Directions -
The answer should consist of each line below that contains the word "dimgap".

Listed entries -

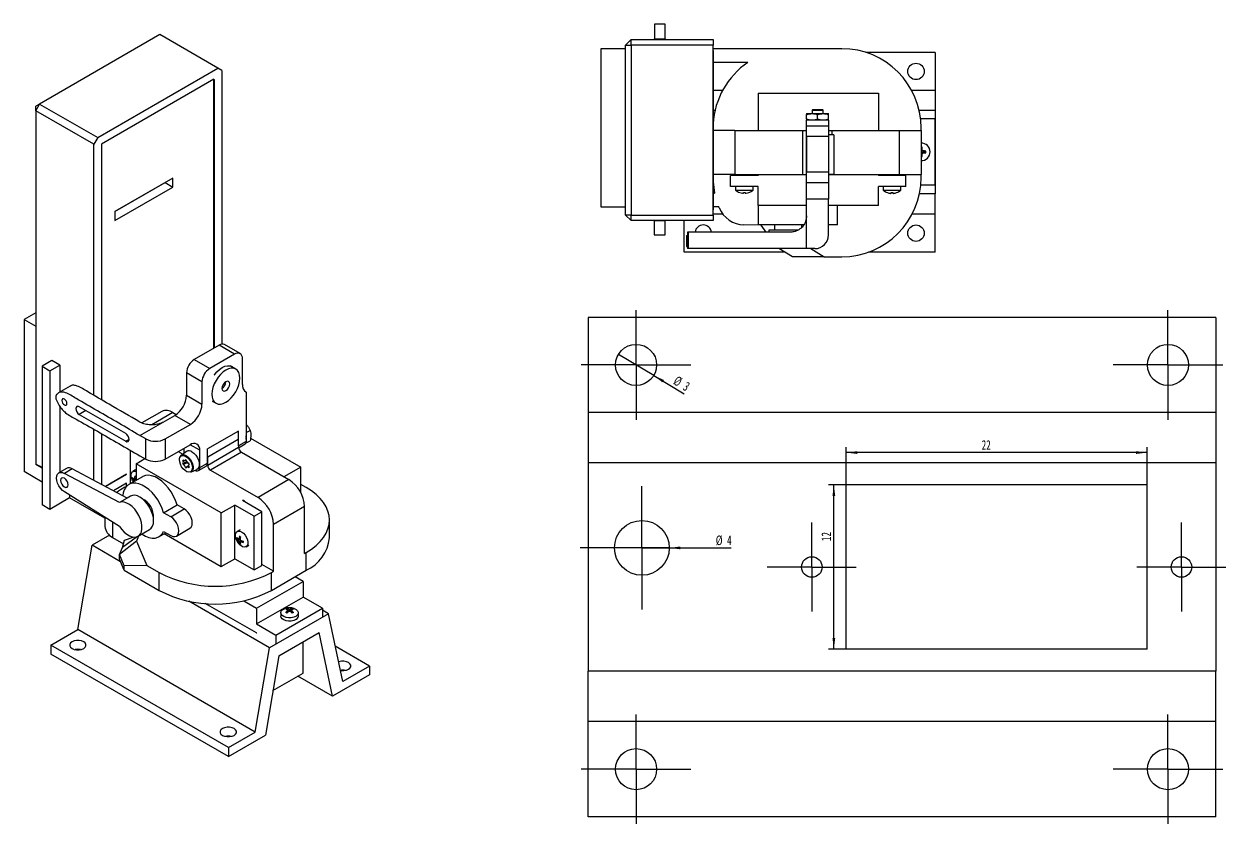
# Model space of a CAD drawing. Header units: millimetres. Extents: x 0 to 1189, y 0 to 841.
# Drawn here: x 315.5 to 754.5, y 242.5 to 534.6 of the extents above; entities that cross this region are included whole.
import ezdxf

# ---------------------------------------------------------------- set-up
doc = ezdxf.new("R2010")
doc.units = ezdxf.units.MM
doc.layers.add('10', color=7, linetype='Continuous')
doc.styles.add('SLDTEXTSTYLE0', font='TXT', dxfattribs={"width": 0.7})
doc.dimstyles.new('SLDDIMSTYLE7', dxfattribs={"dimtxt": 3.5, "dimasz": 4.08, "dimexe": 0, "dimexo": 0.0625, "dimgap": 0.875, "dimtad": 2, "dimlfac": 0.2, "dimrnd": 1e-09, "dimzin": 12, "dimdsep": 46, "dimtxsty": 'SLDTEXTSTYLE0', "dimsah": 1, "dimcen": 0.09, "dimadec": 0, "dimazin": 3, "dimtfac": 1, "dimtofl": 0, "dimtmove": 0, "dimatfit": 3, "dimfxl": 1, "dimfrac": 2, "dimtolj": 1, "dimtzin": 12, "dimarcsym": 0})
doc.dimstyles.new('SLDDIMSTYLE8', dxfattribs={"dimtxt": 3.5, "dimasz": 4.08, "dimexe": 0, "dimexo": 0.0625, "dimgap": 0.875, "dimtad": 2, "dimlfac": 0.2, "dimrnd": 1e-09, "dimzin": 12, "dimdsep": 46, "dimtxsty": 'SLDTEXTSTYLE0', "dimblk1": 'NONE', "dimsah": 1, "dimcen": 0, "dimadec": 0, "dimazin": 3, "dimtfac": 1, "dimtmove": 0, "dimatfit": 3, "dimldrblk": 'NONE', "dimfxl": 1, "dimfrac": 2, "dimtolj": 1, "dimtzin": 12, "dimarcsym": 0})

# ---------------------------------------------------------------- blocks, each defined once
blk = doc.blocks.new('_D_38')
at = {"layer": '10'}
for p, q in [((615.75, 366.36), (615.75, 380.17)), ((725.75, 378.17), (615.75, 378.17)), ((725.75, 366.36), (725.75, 380.17))]:
    blk.add_line(p, q, dxfattribs=at)
for points in [[(615.75, 378.17), (619.83, 377.67), (619.83, 378.68)], [(725.75, 378.17), (721.67, 378.68), (721.67, 377.67)]]:
    blk.add_solid(points, dxfattribs=at)
at = {"layer": '10', "insert": (665.28, 382.69), "char_height": 3.5, "attachment_point": 1, "style": 'SLDTEXTSTYLE0'}
blk.add_mtext('22', dxfattribs=at)
blk = doc.blocks.new('_D_39')
at = {"layer": '10'}
for p, q in [((615.75, 366.36), (609.3, 366.36)), ((611.3, 306.36), (611.3, 366.36)), ((615.75, 306.36), (609.3, 306.36))]:
    blk.add_line(p, q, dxfattribs=at)
for points in [[(611.3, 366.36), (610.79, 362.28), (611.81, 362.28)], [(611.3, 306.36), (611.81, 310.44), (610.79, 310.44)]]:
    blk.add_solid(points, dxfattribs=at)
at = {"layer": '10', "insert": (606.79, 345.82), "char_height": 3.5, "attachment_point": 1, "rotation": 90, "style": 'SLDTEXTSTYLE0'}
blk.add_mtext('12', dxfattribs=at)
blk = doc.blocks.new('_D_40')
at = {"layer": '10'}
for q in [(531.19, 343.36), (573.83, 343.36)]:
    blk.add_line((551.19, 343.36), q, dxfattribs=at)
blk.add_solid([(551.19, 343.36), (555.27, 342.85), (555.27, 343.87)], dxfattribs=at)
at = {"layer": '10', "char_height": 3.5, "attachment_point": 1, "rotation": 0.0037, "style": 'SLDTEXTSTYLE0'}
for s, insert in [('%%c', (568.17, 347.88)), ('4', (572.29, 347.87))]:
    blk.add_mtext(s, dxfattribs=dict(at, insert=insert))
blk = doc.blocks.new('_None')
blk = doc.blocks.new('_D_41')
at = {"layer": '10'}
for q in [(532.64, 414.03), (556.69, 399.6)]:
    blk.add_line((545.5, 406.32), q, dxfattribs=at)
blk.add_solid([(545.5, 406.32), (548.74, 403.78), (549.26, 404.65)], dxfattribs=at)
at = {"layer": '10', "char_height": 3.5, "attachment_point": 1, "rotation": 329.0336, "style": 'SLDTEXTSTYLE0'}
for s, insert in [('%%c', (554.16, 406.38)), ('3', (557.68, 404.25))]:
    blk.add_mtext(s, dxfattribs=dict(at, insert=insert))
blk = doc.blocks.new('SW_CENTERMARKSYMBOL_1')
at = {"layer": '10', "color": 0}
for p, q in [((0, 12.5), (0, 16.25)), ((0, 0), (0, 12.5)), ((-12.5, 0), (-16.25, 0)), ((0, 0), (-12.5, 0)), ((0, 0), (0, -12.5)), ((0, 0), (12.5, 0)), ((12.5, 0), (16.25, 0)), ((0, -12.5), (0, -16.25))]:
    blk.add_line(p, q, dxfattribs=at)
blk = doc.blocks.new('SW_CENTERMARKSYMBOL_2')
at = {"layer": '10', "color": 0}
for p, q in [((0, 12.5), (0, 16.25)), ((0, 0), (0, 12.5)), ((-12.5, 0), (-16.25, 0)), ((0, 0), (-12.5, 0)), ((0, 0), (0, -12.5)), ((0, 0), (12.5, 0)), ((12.5, 0), (16.25, 0)), ((0, -12.5), (0, -16.25))]:
    blk.add_line(p, q, dxfattribs=at)
blk = doc.blocks.new('SW_CENTERMARKSYMBOL_3')
at = {"layer": '10', "color": 0}
for p, q in [((0, 12.5), (0, 22.5)), ((0, 0), (0, 12.5)), ((-12.5, 0), (-22.5, 0)), ((0, 0), (-12.5, 0)), ((0, 0), (0, -12.5)), ((0, 0), (12.5, 0)), ((12.5, 0), (22.5, 0)), ((0, -12.5), (0, -22.5))]:
    blk.add_line(p, q, dxfattribs=at)
blk = doc.blocks.new('SW_CENTERMARKSYMBOL_4')
at = {"layer": '10', "color": 0}
for p, q in [((0, 12.5), (0, 20)), ((0, 0), (0, 12.5)), ((-12.5, 0), (-20, 0)), ((0, 0), (-12.5, 0)), ((0, 0), (0, -12.5)), ((0, 0), (12.5, 0)), ((12.5, 0), (20, 0)), ((0, -12.5), (0, -20))]:
    blk.add_line(p, q, dxfattribs=at)
blk = doc.blocks.new('SW_CENTERMARKSYMBOL_5')
at = {"layer": '10', "color": 0}
for p, q in [((0, 12.5), (0, 20)), ((0, 0), (0, 12.5)), ((-12.5, 0), (-20, 0)), ((0, 0), (-12.5, 0)), ((0, 0), (0, -12.5)), ((0, 0), (12.5, 0)), ((12.5, 0), (20, 0)), ((0, -12.5), (0, -20))]:
    blk.add_line(p, q, dxfattribs=at)
blk = doc.blocks.new('SW_CENTERMARKSYMBOL_6')
at = {"layer": '10', "color": 0}
for p, q in [((0, 12.5), (0, 20)), ((0, 0), (0, 12.5)), ((-12.5, 0), (-20, 0)), ((0, 0), (-12.5, 0)), ((0, 0), (0, -12.5)), ((0, 0), (12.5, 0)), ((12.5, 0), (20, 0)), ((0, -12.5), (0, -20))]:
    blk.add_line(p, q, dxfattribs=at)
blk = doc.blocks.new('SW_CENTERMARKSYMBOL_7')
at = {"layer": '10', "color": 0}
for p, q in [((0, 12.5), (0, 20)), ((0, 0), (0, 12.5)), ((-12.5, 0), (-20, 0)), ((0, 0), (-12.5, 0)), ((0, 0), (0, -12.5)), ((0, 0), (12.5, 0)), ((12.5, 0), (20, 0)), ((0, -12.5), (0, -20))]:
    blk.add_line(p, q, dxfattribs=at)

msp = doc.modelspace()

# ---------------------------------------------------------------- linework, layer by layer
at = {"color": 7, "linetype": 'Continuous', "lineweight": 25}
for p, q in [((545.761, 534.648), (545.761, 529.186)), ((549.715, 534.648), (545.761, 534.648)), ((549.715, 529.186), (549.715, 534.648)), ((365.133, 530.775), (321.236, 505.434)), ((386.346, 518.529), (365.133, 530.775)), ((535.226, 526.992), (537.226, 528.992)), ((535.226, 464.912), (535.226, 526.992)), ((535.226, 526.992), (537.226, 526.992)), ((537.226, 526.992), (537.226, 528.992)), ((537.226, 528.992), (567.226, 528.992)), ((537.226, 526.992), (537.226, 464.912)), ((567.226, 526.992), (537.226, 526.992)), ((545.761, 529.186), (549.715, 529.186)), ((545.761, 528.992), (545.761, 529.186)), ((549.715, 529.186), (549.715, 528.992)), ((567.226, 528.992), (567.226, 526.992)), ((567.226, 464.912), (567.226, 526.992)), ((535.196, 525.648), (526.175, 525.648)), ((526.175, 525.648), (526.175, 467.915)), ((535.196, 467.915), (535.196, 525.648)), ((535.226, 525.648), (535.196, 525.648)), ((614.196, 525.648), (567.226, 525.648)), ((567.226, 524.939), (567.24, 524.939)), ((567.24, 524.939), (567.24, 466.859)), ((648.276, 524.283), (622.99, 524.283)), ((648.276, 524.283), (648.276, 510.398)), ((342.449, 493.188), (386.346, 518.529)), ((387.76, 517.713), (386.346, 518.529)), ((579.917, 520.648), (567.24, 520.648)), ((384.904, 514.516), (343.835, 490.807)), ((384.895, 514.521), (384.904, 514.516)), ((384.904, 416.294), (384.904, 514.516)), ((384.904, 514.431), (384.932, 514.447)), ((384.932, 514.447), (384.932, 416.31)), ((387.76, 517.713), (387.76, 417.749)), ((570.663, 510.398), (567.24, 510.398)), ((583.608, 509.374), (627.608, 509.374)), ((583.608, 509.374), (583.608, 495.742)), ((627.608, 509.374), (627.608, 495.742)), ((648.276, 510.398), (639.728, 510.398)), ((648.276, 510.398), (648.276, 503.043)), ((319.822, 502.985), (321.236, 505.434)), ((321.236, 505.434), (319.822, 504.617)), ((321.236, 505.434), (342.449, 493.188)), ((319.822, 502.985), (319.822, 504.617)), ((341.035, 490.739), (319.822, 502.985)), ((319.822, 502.985), (319.822, 373.971)), ((567.909, 503.043), (567.24, 503.043)), ((601.326, 501.921), (603.326, 501.921)), ((601.326, 499.878), (601.326, 501.563)), ((603.326, 501.921), (607.326, 501.921)), ((603.591, 503.452), (603.375, 503.236)), ((603.375, 503.236), (603.375, 501.921)), ((603.375, 503.236), (605.375, 503.236)), ((603.591, 503.452), (605.375, 503.452)), ((605.326, 499.878), (605.326, 501.563)), ((605.375, 503.452), (607.158, 503.452)), ((605.375, 503.236), (607.375, 503.236)), ((607.375, 503.236), (607.158, 503.452)), ((607.326, 501.921), (609.326, 501.921)), ((607.375, 501.921), (607.375, 503.236)), ((609.326, 499.878), (609.326, 501.563)), ((648.276, 503.043), (642.482, 503.043)), ((648.276, 503.043), (648.276, 472.588)), ((601.326, 499.521), (601.332, 499.521)), ((609.332, 499.527), (601.332, 499.527)), ((601.332, 497.527), (601.332, 499.527)), ((601.332, 497.527), (609.332, 497.527)), ((601.332, 493.527), (601.332, 497.527)), ((609.332, 499.527), (609.332, 497.527)), ((609.332, 497.527), (609.332, 493.527)), ((648.247, 499.978), (643.004, 499.978)), ((643.196, 495.742), (643.196, 496.648)), ((648.247, 475.978), (648.247, 499.978)), ((342.449, 493.188), (341.035, 490.739)), ((575.196, 495.742), (567.24, 495.742)), ((575.196, 495.742), (575.196, 479.742)), ((575.196, 495.742), (599.796, 495.742)), ((599.796, 495.742), (599.796, 479.742)), ((599.796, 495.742), (601.196, 495.742)), ((601.196, 495.742), (601.196, 479.742)), ((601.196, 495.742), (601.332, 495.742)), ((601.329, 478.799), (601.329, 495.199)), ((601.329, 495.199), (601.332, 495.199)), ((609.332, 493.527), (601.332, 493.527)), ((601.332, 493.527), (601.332, 480.671)), ((609.332, 495.742), (610.596, 495.742)), ((611.329, 494.199), (609.332, 494.199)), ((609.332, 493.527), (609.332, 480.671)), ((610.596, 495.742), (635.196, 495.742)), ((610.596, 495.742), (610.596, 494.199)), ((611.329, 494.199), (611.329, 479.799)), ((635.196, 495.742), (635.196, 479.742)), ((635.196, 495.742), (643.196, 495.742)), ((643.196, 495.742), (643.196, 479.742)), ((341.035, 399.076), (341.035, 490.739)), ((343.826, 490.813), (343.835, 490.807)), ((343.835, 490.807), (343.835, 397.436)), ((643.45, 489.51), (643.196, 489.51)), ((643.579, 489.639), (643.45, 489.51)), ((643.45, 488.65), (643.45, 489.51)), ((643.602, 488.65), (643.45, 488.65)), ((643.602, 487.29), (643.45, 487.29)), ((643.45, 486.431), (643.45, 487.29)), ((643.95, 488.303), (643.95, 488.15)), ((644.81, 488.15), (643.95, 488.15)), ((643.95, 487.638), (643.95, 487.791)), ((643.95, 487.791), (644.81, 487.791)), ((644.939, 488.279), (644.81, 488.15)), ((644.81, 487.791), (644.81, 488.15)), ((644.939, 487.662), (644.81, 487.791)), ((643.196, 486.431), (643.45, 486.431)), ((643.579, 486.302), (643.45, 486.431)), ((575.196, 479.742), (567.24, 479.742)), ((573.608, 475.374), (573.608, 479.374)), ((583.608, 479.374), (573.608, 479.374)), ((575.196, 479.742), (599.796, 479.742)), ((576.99, 479.742), (576.99, 479.374)), ((580.19, 479.374), (580.19, 479.742)), ((583.608, 479.742), (583.608, 479.374)), ((599.796, 479.742), (601.196, 479.742)), ((601.196, 479.742), (601.332, 479.742)), ((601.329, 478.799), (601.332, 478.799)), ((601.332, 480.671), (609.332, 480.671)), ((601.332, 476.671), (601.332, 480.671)), ((609.332, 480.671), (609.332, 476.671)), ((609.332, 479.799), (611.329, 479.799)), ((609.332, 479.742), (610.596, 479.742)), ((610.596, 479.799), (610.596, 479.742)), ((610.596, 479.742), (635.196, 479.742)), ((627.608, 479.742), (627.608, 479.374)), ((637.608, 479.374), (627.608, 479.374)), ((630.935, 479.742), (630.935, 479.374)), ((634.135, 479.374), (634.135, 479.742)), ((635.196, 479.742), (643.196, 479.742)), ((637.608, 475.374), (637.608, 479.374)), ((643.196, 478.648), (643.196, 479.742)), ((369.862, 478.397), (348.649, 466.151)), ((348.649, 466.15), (367.033, 476.764)), ((348.649, 462.885), (369.862, 475.131)), ((365.133, 475.667), (365.133, 475.666)), ((367.033, 476.764), (369.862, 475.131)), ((367.033, 476.764), (367.033, 476.764)), ((369.862, 475.131), (369.862, 478.397)), ((583.608, 475.374), (573.608, 475.374)), ((575.39, 475.374), (575.39, 473.96)), ((581.79, 473.96), (581.79, 475.374)), ((583.608, 468.374), (583.608, 475.374)), ((609.332, 476.671), (601.332, 476.671)), ((601.332, 470.671), (601.332, 476.671)), ((609.332, 476.671), (609.332, 470.671)), ((637.608, 475.374), (627.608, 475.374)), ((627.608, 468.374), (627.608, 475.374)), ((629.335, 475.374), (629.335, 473.946)), ((635.735, 473.946), (635.735, 475.374)), ((643.072, 475.978), (648.247, 475.978)), ((567.24, 472.915), (567.768, 472.915)), ((575.39, 473.96), (578.59, 473.96)), ((576.921, 473.088), (576.922, 473.098)), ((578.258, 472.859), (578.282, 473.098)), ((578.59, 473.96), (581.79, 473.96)), ((578.898, 473.098), (578.922, 472.859)), ((580.258, 473.098), (580.259, 473.088)), ((609.332, 470.671), (601.332, 470.671)), ((601.332, 464.633), (601.332, 470.671)), ((609.332, 457.633), (609.332, 470.671)), ((629.335, 473.946), (632.535, 473.946)), ((630.866, 473.074), (630.867, 473.084)), ((632.203, 472.845), (632.227, 473.084)), ((632.535, 473.946), (635.735, 473.946)), ((632.844, 473.084), (632.868, 472.845)), ((634.204, 473.084), (634.205, 473.074)), ((648.276, 472.588), (642.555, 472.588)), ((648.276, 465.232), (648.276, 472.588)), ((348.649, 466.151), (348.649, 462.885)), ((526.175, 467.915), (535.196, 467.915)), ((535.226, 467.915), (535.196, 467.915)), ((567.226, 466.859), (567.24, 466.859)), ((569.255, 467.915), (567.24, 467.915)), ((583.608, 468.374), (583.608, 461.374)), ((601.332, 468.374), (583.608, 468.374)), ((627.608, 468.374), (609.332, 468.374)), ((612.632, 461.374), (612.632, 468.374)), ((537.226, 464.912), (535.226, 464.912)), ((537.226, 462.912), (535.226, 464.912)), ((537.226, 464.912), (567.226, 464.912)), ((537.226, 462.912), (537.226, 464.912)), ((567.226, 462.912), (537.226, 462.912)), ((545.715, 462.8), (545.715, 462.912)), ((549.715, 462.8), (545.715, 462.8)), ((545.715, 462.8), (545.715, 457.685)), ((549.715, 462.912), (549.715, 462.8)), ((549.715, 457.685), (549.715, 462.8)), ((556.625, 451.348), (556.625, 462.912)), ((570.741, 465.232), (567.226, 465.232)), ((567.226, 464.912), (567.226, 462.912)), ((589.608, 461.146), (578.475, 461.347)), ((600.335, 461.374), (583.608, 461.374)), ((586.601, 458.633), (584.706, 461.234)), ((589.608, 461.374), (589.608, 459.374)), ((599.608, 460.521), (599.608, 461.374)), ((601.332, 452.633), (601.332, 464.633)), ((612.632, 461.374), (609.332, 461.374)), ((648.276, 465.232), (639.906, 465.232)), ((648.276, 451.348), (648.276, 465.232)), ((545.715, 457.685), (549.715, 457.685)), ((557.436, 457.374), (557.436, 453.374)), ((557.436, 457.374), (557.867, 457.374)), ((557.867, 458.633), (557.867, 452.633)), ((558.231, 458.633), (557.867, 458.633)), ((558.231, 452.633), (558.231, 458.633)), ((587.568, 459.374), (587.568, 458.633)), ((598.102, 459.374), (587.568, 459.374)), ((557.436, 453.374), (557.867, 453.374)), ((558.231, 452.633), (557.867, 452.633)), ((596.196, 449.648), (591.265, 452.633)), ((604.332, 452.633), (601.332, 452.633)), ((602.85, 452.633), (607.781, 449.648)), ((593.387, 451.348), (556.625, 451.348)), ((607.781, 449.648), (596.196, 449.648)), ((607.781, 449.648), (614.196, 449.648)), ((648.276, 451.348), (623.98, 451.348)), ((319.822, 429.204), (315.545, 426.735)), ((315.545, 426.735), (315.545, 371.21)), ((315.545, 426.735), (319.822, 424.266)), ((750.753, 427.53), (521.626, 427.53)), ((521.626, 427.53), (521.626, 392.82)), ((750.753, 427.53), (750.753, 392.82)), ((386.799, 417.388), (377.708, 412.14)), ((392.456, 414.122), (386.799, 417.388)), ((394.456, 414.32), (388.799, 417.586)), ((392.456, 414.122), (383.365, 408.874)), ((325.745, 411.772), (322.128, 409.684)), ((322.128, 409.684), (322.128, 359.058)), ((322.128, 409.684), (324.956, 408.051)), ((324.956, 408.051), (328.573, 410.139)), ((328.573, 410.139), (325.745, 411.772)), ((328.573, 410.139), (328.573, 400.223)), ((377.708, 412.14), (383.365, 408.874)), ((392.852, 408.653), (390.788, 409.844)), ((395.284, 403.076), (395.284, 412.489)), ((324.956, 408.051), (324.956, 357.426)), ((380.536, 403.975), (374.879, 407.241)), ((374.879, 407.241), (374.879, 399.075)), ((380.536, 403.975), (380.536, 395.81)), ((332.391, 402.427), (328.149, 399.978)), ((396.698, 400.241), (396.365, 400.433)), ((396.698, 400.241), (396.698, 382.223)), ((328.573, 395.086), (328.573, 370.964)), ((374.879, 399.075), (380.536, 395.81)), ((384.24, 396.997), (385.652, 396.181)), ((352.676, 385.079), (335.666, 394.899)), ((338.071, 393.51), (335.666, 392.122)), ((335.666, 392.122), (352.676, 382.302)), ((365.885, 393.167), (358.616, 388.972)), ((369.884, 392.771), (362.16, 388.312)), ((366.368, 389.262), (370.637, 391.727)), ((369.884, 392.771), (371.136, 392.049)), ((376.294, 388.461), (370.637, 391.727)), ((750.753, 392.82), (521.626, 392.82)), ((521.626, 392.82), (521.626, 374.43)), ((750.753, 392.82), (750.753, 374.43)), ((341.035, 368.009), (341.035, 386.679)), ((357.882, 384.364), (366.368, 389.262)), ((367.075, 383.139), (376.294, 388.461)), ((396.698, 388.464), (396.972, 388.161)), ((343.835, 385.07), (343.835, 366.53)), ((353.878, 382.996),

Solution to this problem -
doc.dimstyles.new('SLDDIMSTYLE7', dxfattribs={"dimtxt": 3.5, "dimasz": 4.08, "dimexe": 0, "dimexo": 0.0625, "dimgap": 0.875, "dimtad": 2, "dimlfac": 0.2, "dimrnd": 1e-09, "dimzin": 12, "dimdsep": 46, "dimtxsty": 'SLDTEXTSTYLE0', "dimsah": 1, "dimcen": 0.09, "dimadec": 0, "dimazin": 3, "dimtfac": 1, "dimtofl": 0, "dimtmove": 0, "dimatfit": 3, "dimfxl": 1, "dimfrac": 2, "dimtolj": 1, "dimtzin": 12, "dimarcsym": 0})
doc.dimstyles.new('SLDDIMSTYLE8', dxfattribs={"dimtxt": 3.5, "dimasz": 4.08, "dimexe": 0, "dimexo": 0.0625, "dimgap": 0.875, "dimtad": 2, "dimlfac": 0.2, "dimrnd": 1e-09, "dimzin": 12, "dimdsep": 46, "dimtxsty": 'SLDTEXTSTYLE0', "dimblk1": 'NONE', "dimsah": 1, "dimcen": 0, "dimadec": 0, "dimazin": 3, "dimtfac": 1, "dimtmove": 0, "dimatfit": 3, "dimldrblk": 'NONE', "dimfxl": 1, "dimfrac": 2, "dimtolj": 1, "dimtzin": 12, "dimarcsym": 0})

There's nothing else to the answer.